We’re not talking about the rare pervert or violent criminal lurking in the shadows. This is about the hard-working families of white-collar and blue-collar moms and dads who have used part of their bodies as a canvas for the art of tattooing.
In the past, tattoos have been shunned in American society as a practice of deviants, but no more. Today, tattoos are nearly as common as ear piercing and nail painting. A study published in 2006 by the Journal of the American Academy of Dermatology found that one of every four Americans has at least one tattoo, and that number jumped to higher than one in three for people under the age of 31.
So at least a few hundred people in the Dobson Ranch community have a tattoo as well. And why should anyone who wants to join this pop culture phenomenon have to travel to some distant, hidden-away spot to appease those with more conservative tastes?
As Tribune writer Sonu Munshi reported Wednesday, the proposed Angel Tattoo shop meets all of the legal requirements to go into a retail center at the southeast corner of Dobson and Baseline roads.
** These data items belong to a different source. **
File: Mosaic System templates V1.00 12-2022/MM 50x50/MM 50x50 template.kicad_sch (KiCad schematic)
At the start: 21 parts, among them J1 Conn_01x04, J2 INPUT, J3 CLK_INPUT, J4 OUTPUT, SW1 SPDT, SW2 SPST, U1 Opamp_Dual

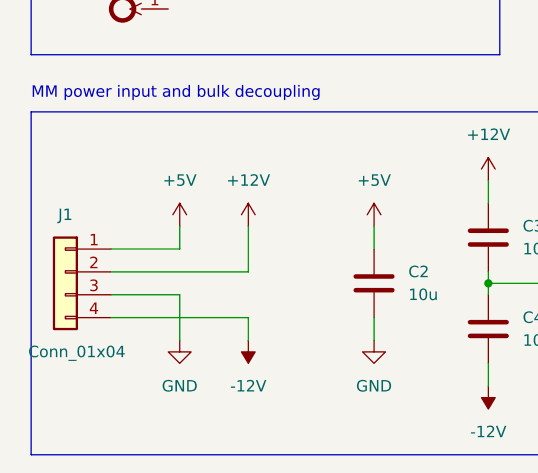
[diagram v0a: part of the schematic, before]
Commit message: V1.1
Clean up of some redundant footprints and added the correct polygons for the keepout area of the corners.
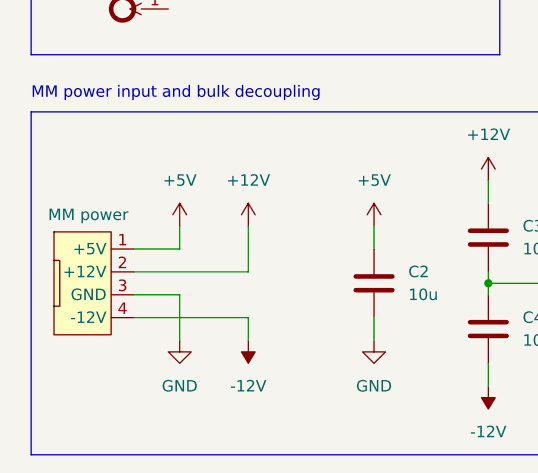
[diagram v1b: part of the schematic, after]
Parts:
- removed J1: Conn_01x04, 0-MM:JST_B4B-PH-SM4-TB_LF_SN_0, symbol Connector_Generic:Conn_01x04
- added J5: MM power, 0-MM:MM power JST, symbol 0-MM:MM power
- C2, C3, C4, C5: footprint Capacitor_SMD:C_0805_2012Metric -> (none)
- D2: footprint 0-MM:LED 0805 reverse mount -> (none)
- SW2: footprint 0-MM:12X12MM_THT_TACT -> (none)
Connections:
- net +12V: now also J5.2 (+12V)
- net +5V: now also J5.1 (+5V)
- net -12V: now also J5.4 (-12V)
- net GND: now also J5.3 (GND)

Any objective assessment would consider a tattoo parlor as a reasonable match for a site that already hosts businesses that provide manicures, massages and acupuncture treatments.
But the Mesa City Council has assumed the authority to block the shop anyway, as proprietor Ryan Coleman explains it, “based on council’s feeling on a tattoo parlor.”
This is paternalism at its worst, with government assuming it has to protect people from their own “bad” habits and catering to an old-fashioned notion of propriety that is becoming less accepted each year.
The simple fact is if the people of west Mesa don’t want tattoos, Coleman will go out of business for a lack of customers. The Mesa council should reject the notion that it is the community nanny that gets to say “no” before Coleman even has a chance to try.